Выбрать главу

Тут мы должны назвать еще одну настойчивую, «сигнальную тему» Владислава Отрошенко. Как бесконечно расширяется дом, о котором рассказывает писатель, так бесконечно расширяется и время. И этот прием нарастающего повторения, это постоянное возникающее и усиливающееся крещендо создают какой-то странный объем роману «Приложение к фотоальбому» — огромного прозрачного кристалла дивной красоты.

Казалось бы, ну что такого увлекательного можно извлечь из сюжета о фотографировании семейства? Но Владислав Отрошенко этот «сюжет» развертывает в редчайших красок живописную и пространственную картину — приготовление к съемкам, когда художником-светописцем выступает знаменитый Кикиани, описано с томительным наслаждением: «Кикиани, угрюмый и молчаливый… переставлял дядюшек с места на место, поправляя им с какой-то надменной деловитостью цепочки карманных часов или хрустящие, лунносияющие манишки, приглаживал тыльной стороной ладони чей-нибудь чересчур распушившийся бакенбард…» Фотография — это «плененное время», это «нерушимого мига картина», в которой навсегда берется в «вечный плен изворотливое мгновение». Фотография (со всеми старшими в роду и младшими, со всеми тетушками, невестками, шуринами, зятьями) — это сложный «иероглиф семейной сплоченности». Так бывает, когда снимает семью Кикиани. Но, например, описание рождественской съемки, когда снимают легкомысленнейшие французы, — дело совсем другое. Тут уже царит и «особенное возбуждение» перед тем как «увековечить праздничную наружность», и отсутствуют чопорная строгость и важность, тут уже допустима всяческая произвольность мимики. В общем, «съемка рода» Отрошенко нужна не для демонстрации изобретательности, но своей ритуальностью обнаруживает некую жизненную торжественность; словно фиксирует те сущностные жизненные обряды, воспоминания о которых говорят о том идеальном романном пространстве, которое назвали мы праздничным… Итак, рождественская съемка Жака и Клода происходила тогда, когда «набирало силу, становилось все явственнее и головокружительней то радостно-сложное рождественское благоухание, которое с утра наполняло дом и в котором солировали попеременно то разомлевшая в теплом жилище сочная хвоя, то жаркие яблочные пироги, то начищенный фисташковой мастикой паркет, то влажно-прохладные мандарины». И все же, все же снимки виртуозных светописцев обнаруживали «независимость своей внутренней, неистощимой жизни от расчетов и замыслов утонченного светописца» — то вырвавшийся невзначай жест, то неожиданное выражение на лице того или иного из позирующих…

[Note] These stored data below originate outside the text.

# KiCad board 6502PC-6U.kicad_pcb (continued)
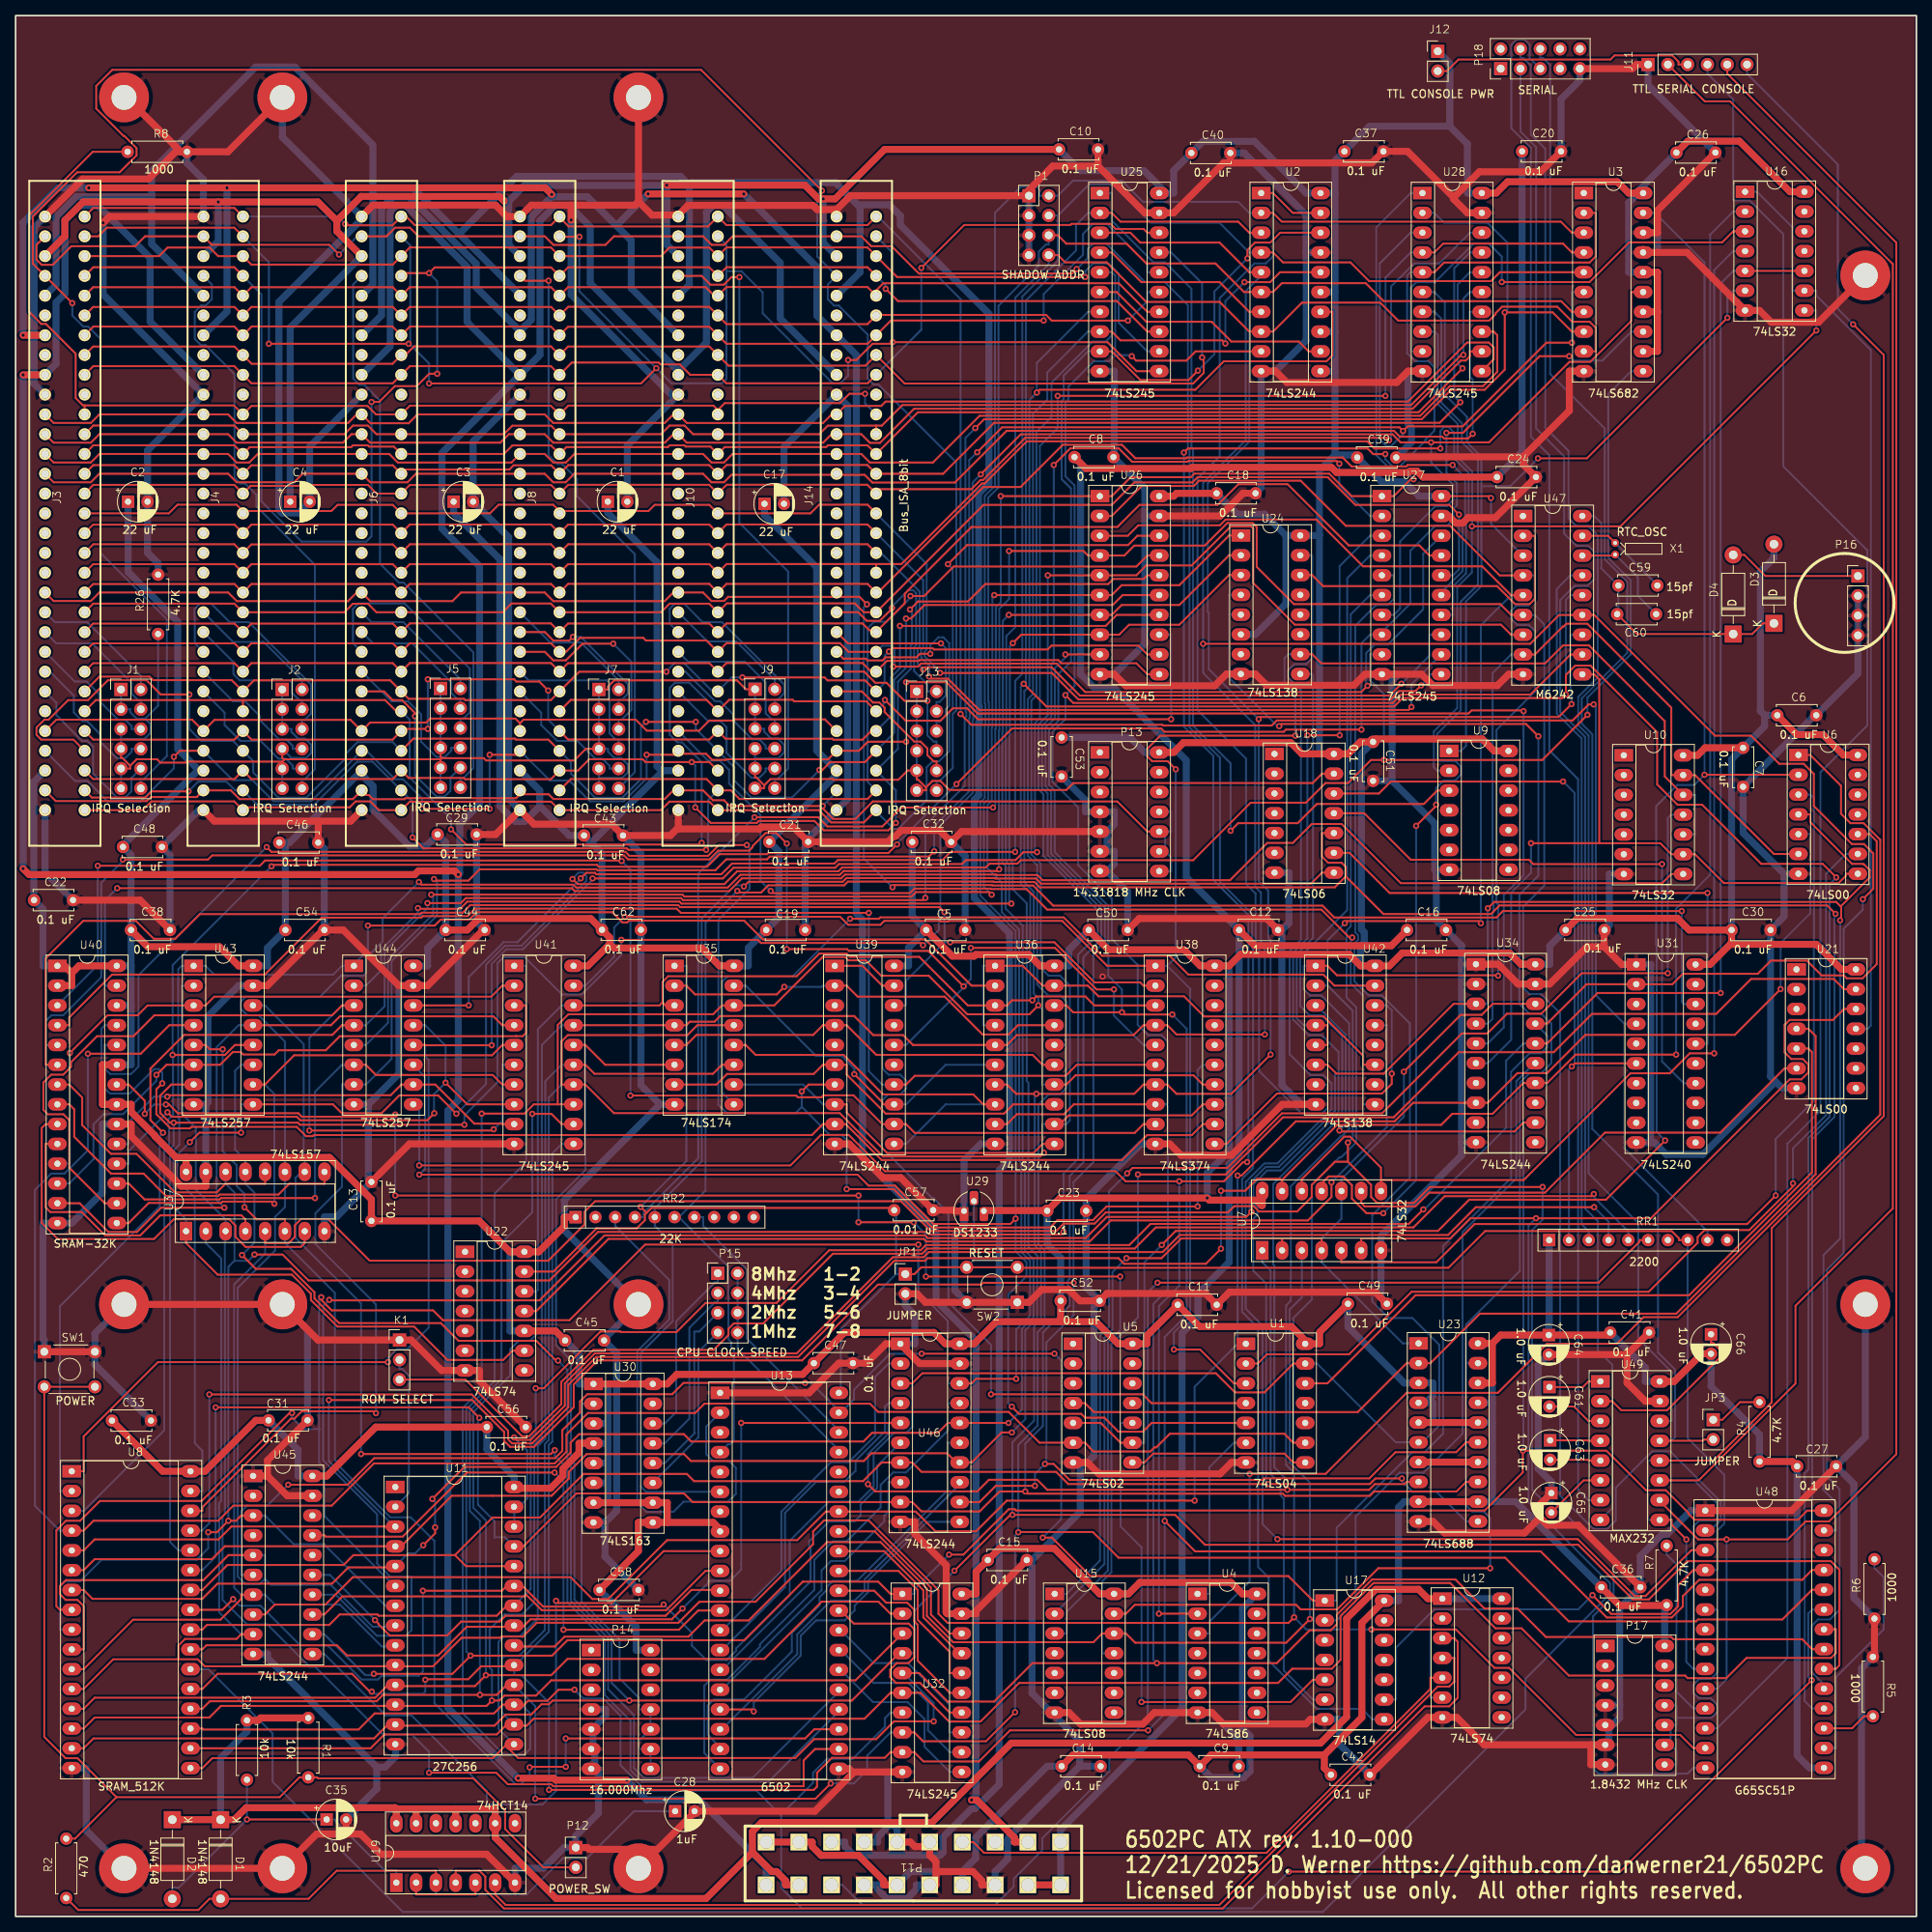
[diagram p0: board, top side]
## Routing (per net, layer and track width the routed paths; a pad name or vN(x,y) marks a point on that pad's centre or on a via; arc(x,y) is an arc through that point) (continued)
B_D2: length 155.2
  Top w0.25: J3.38 9.98,204.08 28.07,204.08 J4.38 30.31,204.09 48.38,204.09 J6.38 50.62,204.08 68.71,204.08 J8.38 70.91,204.05 89.06,204.05 J10.38 91.24,201.87 109.37,201.87 J14.38 112.35,204.85 v1(131.97,204.85)
  Bottom w0.25: U25.16 145.28,211.05 145.28,212.06 140.08,217.27 138.32,217.27 137.03,215.98 137.03,213.31 131.97,208.25 v1(131.97,204.85)
B_D3: length 145
  Top w0.25: J3.37 9.95,206.59 28.1,206.59 J4.37 30.27,206.59 48.42,206.59 J6.37 50.59,206.59 68.74,206.59 J8.37 70.94,206.62 89.03,206.62 J10.37 91.26,204.39 109.35,204.39 J14.37 110.54,205.58 132.27,205.58 133,204.85 v1(142.78,204.85)
  Bottom w0.25: v1(142.78,204.85) 145.28,207.34 145.28,208.51 U25.15
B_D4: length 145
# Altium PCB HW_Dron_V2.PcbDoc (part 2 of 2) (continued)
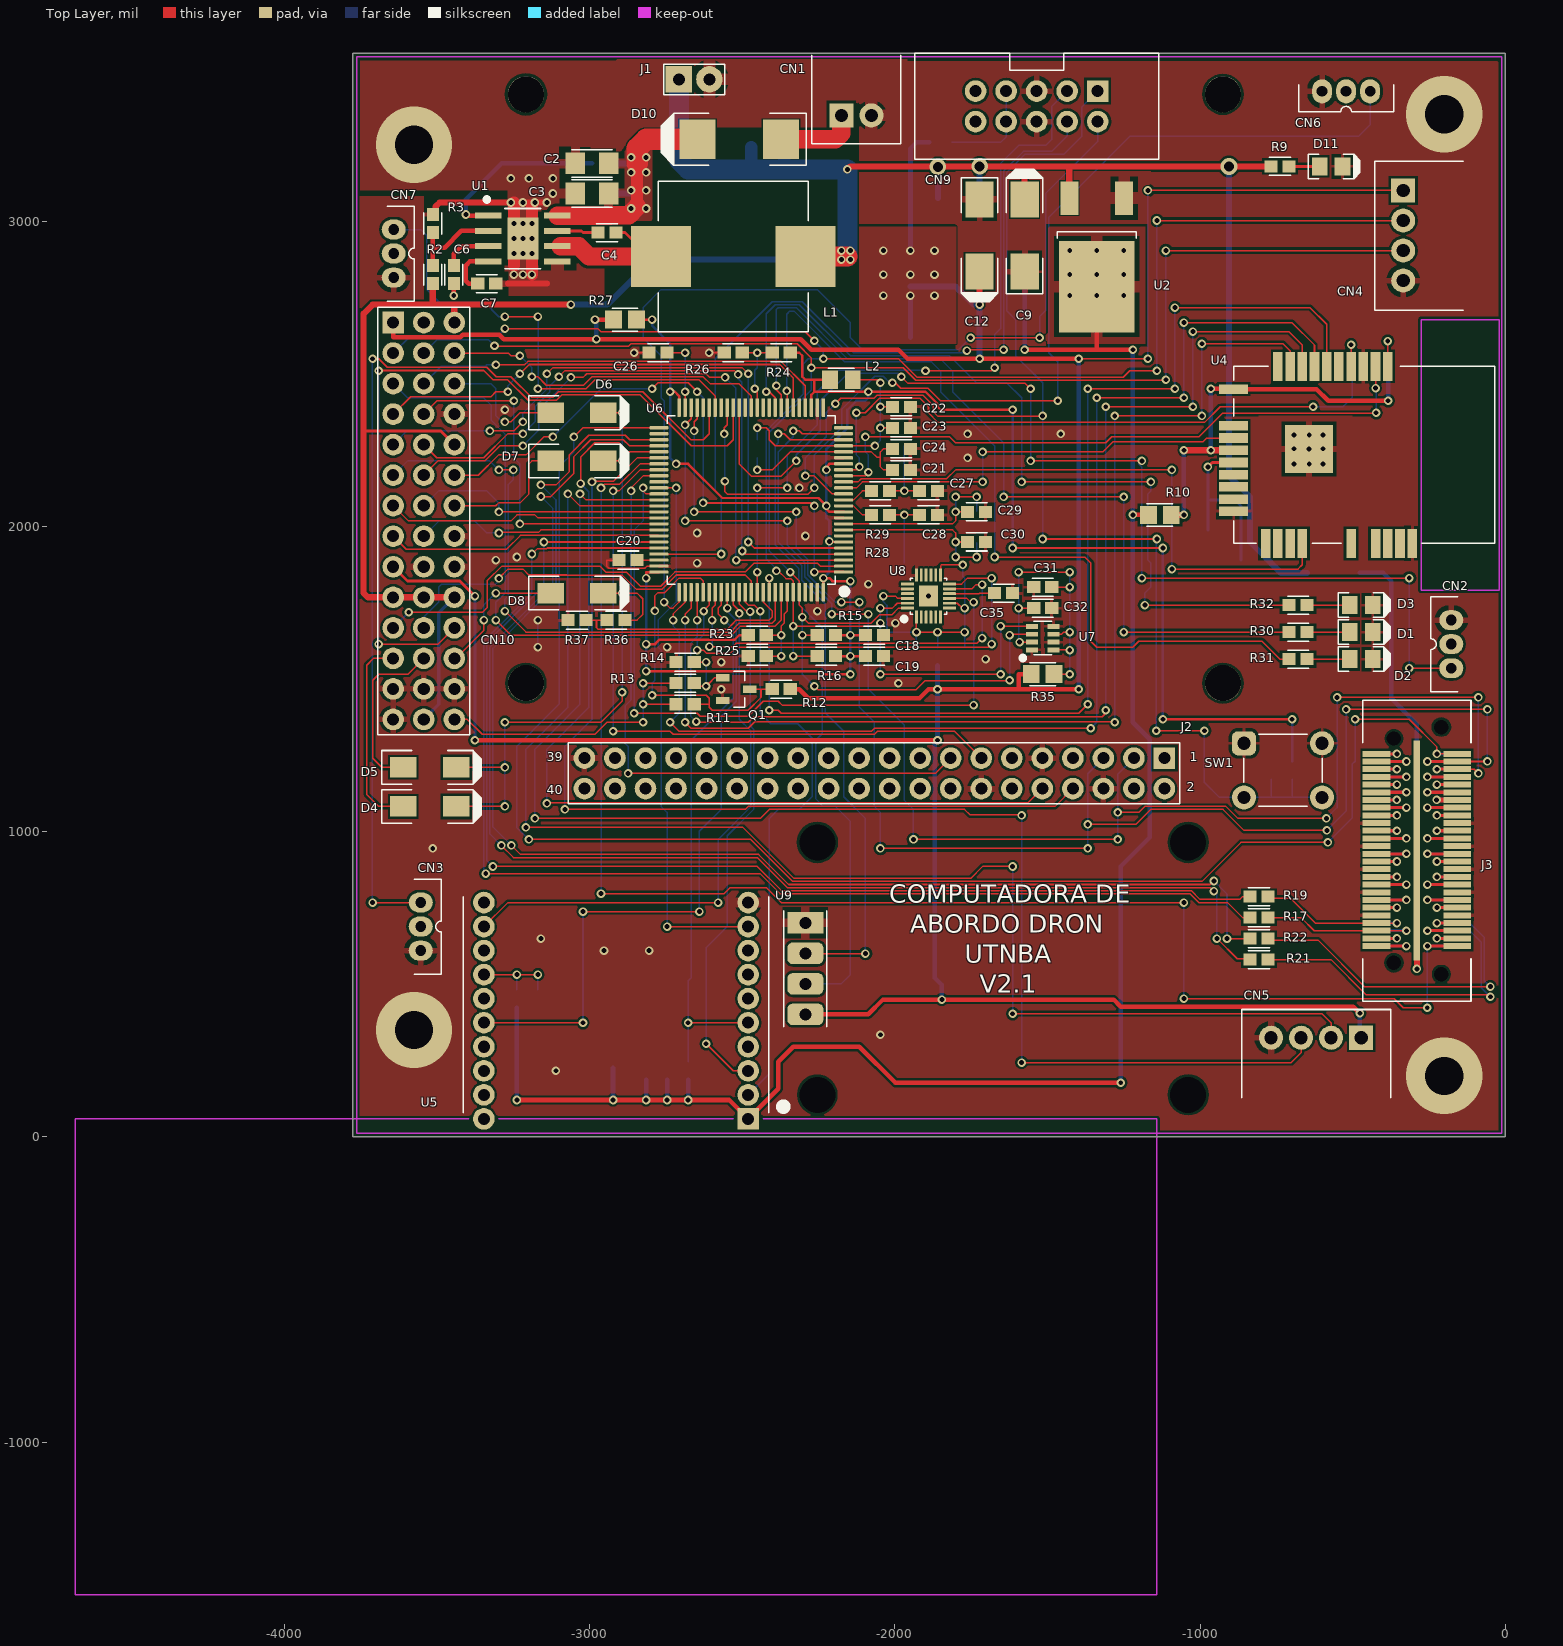
[diagram p0: Top Layer view]
## Nets (pads, with @x,y where several pads share a name; then routed paths per layer and width w, separated by ;. In a path a pad name is that pad's centre, name@x,y a point inside that pad or via, vN(x,y) a via of type N, cw(c..) or ccw(c..) an arc to the next point about the centre after c; other vN are vias at no path point) (continued)
  Bottom Layer w10: J4.18@-422.24,826.57 v1(-324.21,826.57)
PE1_TN_PC: J3.13 J4.13 | length 196.1
  Top Layer w10: v1(-255.31,776.18) J3.13@-157.28,776.18
  Bottom Layer w10: v1(-255.31,776.18) J4.13@-157.28,776.18
PE1_TP_PC: J3.11 J4.11 | length 133.9
  Top Layer w10: v1(-224.21,750.98) J3.11@-157.28,750.98
  Bottom Layer w10: v1(-224.21,750.98) J4.11@-157.28,750.98
PE_RST#_PC: J3.2 J4.2 | length 196.1
  Top Layer w10: J3.2@-422.24,625 v1(-324.21,625)
  Bottom Layer w10: J4.2@-422.24,625 v1(-324.21,625)
PH_N: R28.1 U6.12 | length 103.6
  Top Layer w5: U6.12@-2168.11,2066.93 -2135.83,2066.93 -2106.3,2037.4 R28.1@-2076.77,2037.4
PH_P: R29.1 U6.13 | length 103.6
  Top Layer w5: U6.13@-2168.11,2086.61 -2135.83,2086.61 -2106.3,2116.14 R29.1@-2076.77,2116.14
PSON#_PC: J3.52 J4.52 | length 133.9
  Top Layer w10: J3.52@-422.24,1254.92 v1(-355.31,1254.92)
  Bottom Layer w10: J4.52@-422.24,1254.92 v1(-355.31,1254.92)
PWRG_PC: J3.46 J4.46 | length 196.1
  Top Layer w10: J3.46@-422.24,1179.33 v1(-324.21,1179.33)
  Bottom Layer w10: J4.46@-422.24,1179.33 v1(-324.21,1179.33)
RC_ENTRADA: CN10.42 R11.1 R13.2 | length 999.5
  Top Layer w5: CN10.42@-3443.31,1367.72 -3400.57,1367.72 -3351.75,1318.9 -2982.28,1318.9 -2942.91,1358.27 v1(-2824.8,1358.27) ; v1(-2824.8,1417.32) R11.1@-2716.54,1417.32 ; v1(-2824.8,1486.22) R13.2@-2716.54,1486.22
  Bottom Layer w5: v1(-2824.8,1358.27) v1(-2824.8,1486.22)
RC_OUT: Q1.2 R11.2 R12.1 U6.80 | length 1115.6
  Top Layer w5: v1(-2795.28,1446.85) -2618.11,1446.85 -2608.27,1437.01 -2608.27,1417.32 ; v1(-2785.87,1722.88) -2787.25,1724.26 -2787.25,1771.65 -2775.59,1783.31 -2754.09,1783.31 -2706.69,1830.71 -2637.8,1830.71 -2627.95,1820.87 U6.80@-2627.95,1784.25 ; R11.2@-2657.48,1417.32 -2608.27,1417.32 ; Q1.2@-2475.39,1466.54 -2438.48,1466.54 ; R12.1@-2401.58,1466.54 -2438.48,1466.54 ; -2608.27,1417.32 -2608.27,1407.48 -2598.43,1397.64 -2480.32,1397.64 -2438.48,1439.47 -2438.48,1466.54
  Bottom Layer w5: v1(-2795.28,1446.85) -2795.28,1486.22 -2785.87,1495.62 v1(-2785.87,1722.88)
RES48_PC: J3.48 J4.48 | length 133.9
  Top Layer w10: J3.48@-422.24,1204.53 v1(-355.31,1204.53)
  Bottom Layer w10: J4.48@-422.24,1204.53 v1(-355.31,1204.53)
RES50_PC: J3.50 J4.50 | length 196.1
  Top Layer w10: J3.50@-422.24,1229.72 v1(-324.21,1229.72)
  Bottom Layer w10: J4.50@-422.24,1229.72 v1(-324.21,1229.72)
SWO: CN9.3 U6.89 | length 2467.7
  Top Layer w5: U6.89@-2450.79,1784.25 v1(-2450.79,1850.39) ; v1(-2450.79,2125.98) v1(-2352.36,2125.98) ; v1(-1899.61,2509.84) -1683.07,2509.84 v1(-1673.23,2519.69)
  Bottom Layer w5: v1(-2450.79,1850.39) v1(-2450.79,2125.98) ; v1(-2352.36,2125.98) -2352.36,2234.25 -2254.09,2332.52 -2254.09,2440.79 -2182.91,2511.97 -1901.73,2511.97 v1(-1899.61,2509.84) ; v1(-1673.23,2519.69) -1673.23,2627.95 -1653.7,2647.48 -1653.7,3188.82 -1594.49,3248.03 -1505.91,3248.03 -1486.22,3267.72 -1486.22,3375.2 CN9.3@-1435.43,3425.98
T_JTCK: CN9.2 U6.76 | length 3327.9
  Top Layer w5: v1(-2755.91,1751.97) -2736.22,1732.28 -2726.38,1732.28 -2706.69,1751.97 U6.76@-2706.69,1784.25 ; v1(-1751.97,2618.11) v1(-1525.59,2618.11)
  Bottom Layer w5: v1(-2755.91,1751.97) -2755.91,2411.42 -2765.75,2421.26 -2765.75,2559.06 -2824.8,2618.11 -2824.8,2716.54 -2765.75,2775.59 -2253.94,2775.59 -2145.67,2667.32 -2145.67,2618.11 -2106.3,2578.74 -1791.34,2578.74 v1(-1751.97,2618.11) ; v1(-1525.59,2618.11) -1525.59,2687.17 -1506.06,2706.69 -1506.06,3090.39 -1335.43,3261.02 CN9.2@-1335.43,3325.98
T_JTMS: CN9.4 U6.72 | length 2835.1
  Top Layer w5: U6.72@-2772.84,1909.45 v1(-2568.9,1909.45) ; v1(-1763.96,2575.71) -1761.81,2577.86 v1@-1643.7,2577.86
  Bottom Layer w5: v1(-2568.9,1909.45) -2568.9,2096.46 -2588.58,2116.14 -2588.58,2549.21 -2401.57,2736.22 -2303.15,2736.22 -2135.67,2568.74 -1770.93,2568.74 v1(-1763.96,2575.71) ; v1(-1643.7,2578.74) -1643.7,3163.59 -1578.79,3228.5 -1486.22,3228.5 -1435.43,3279.29 CN9.4@-1435.43,3325.98
T_NRST: C25.1 CN9.1 R20.1 SW1.2 U6.14 | length 4726.5
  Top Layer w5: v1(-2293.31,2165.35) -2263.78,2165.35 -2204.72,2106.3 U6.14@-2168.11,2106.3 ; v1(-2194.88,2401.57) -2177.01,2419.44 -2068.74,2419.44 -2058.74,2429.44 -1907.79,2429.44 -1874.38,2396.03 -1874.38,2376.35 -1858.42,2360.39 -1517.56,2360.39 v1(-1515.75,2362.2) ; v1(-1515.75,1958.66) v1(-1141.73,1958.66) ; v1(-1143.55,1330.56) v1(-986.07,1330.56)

Неистощимость жизни — это определение как никакое другое подходит к тому, что и передает своим романом Отрошенко. Его роман — праздник нерастраченности: что бы не случилось, но в жизни его героев не убывает ни торжественной красоты, ни пылкой восторженности, ни страстной любви. А потому диковинные причуды, невероятные фантазии и неразумные желания столь естественны и органичны в этом мире: и загадочная любовь дядюшки Семена к стеклянной гармонике, на которой он играет в печальном одиночестве, и торжественный въезд грека в дом Малаха на «ста двадцати цирковых лошадях» (такова память семейного мифа), и «тяга к трагической нищете» дядюшки Порфирия, его склонность к театральным поступкам, в коих главная идея — катастрофическое (вмиг!) банкротство. Но его пасека приносила славный доход, а «свирепое и безрассудное трудолюбие пчел» противостояло его намерениям, — тяге к освобождению от имущества и потребности в «горьком вдохновении» (с шарманкой по дворам бредет он побирушкой!). В этих деталях, в их напыщенной театральности, совсем нет никакого эстетического вызова и провокационности. Законы праздничного мира Отрошенко столь благородно в меру присутствуют во всяком персонаже, что ничуть не выглядят неправдоподобными, — например, то, что шарманка мнилась дядюшке «символом истинной нищеты». Отрошенко тут же, соблюдая деликатность пропорции, расскажет читателю и о том, что тяга дядюшки ко всяческой убогости и на самом деле осуществилась — только «подлинное разорение явилось к нему с… благосклонной неторопливостью» (обобрала дядюшку многочисленная родня). Страсть дядюшки к символам (с непременным ударением на о) — это страсть к языку вечности. Сам человек (даже окостеневший от «длительности существования» бессмертный Малах) — не что иное как символ «неизбывности жизни». У Отрошенко герои живут долго, очень долго, словно библейские люди. Как дом Малаха, так и род Малаха (со всеми подвигами и причудами, семейными легендами и былями) не принадлежит тлению и смерти — но жизни. Вечной жизни, в которой времена не исчезают, но проплывают, в которой время — «только призрак… некоего избранного мгновения, сверкающего нерушимым бриллиантом в оправе богоустроенной вечности».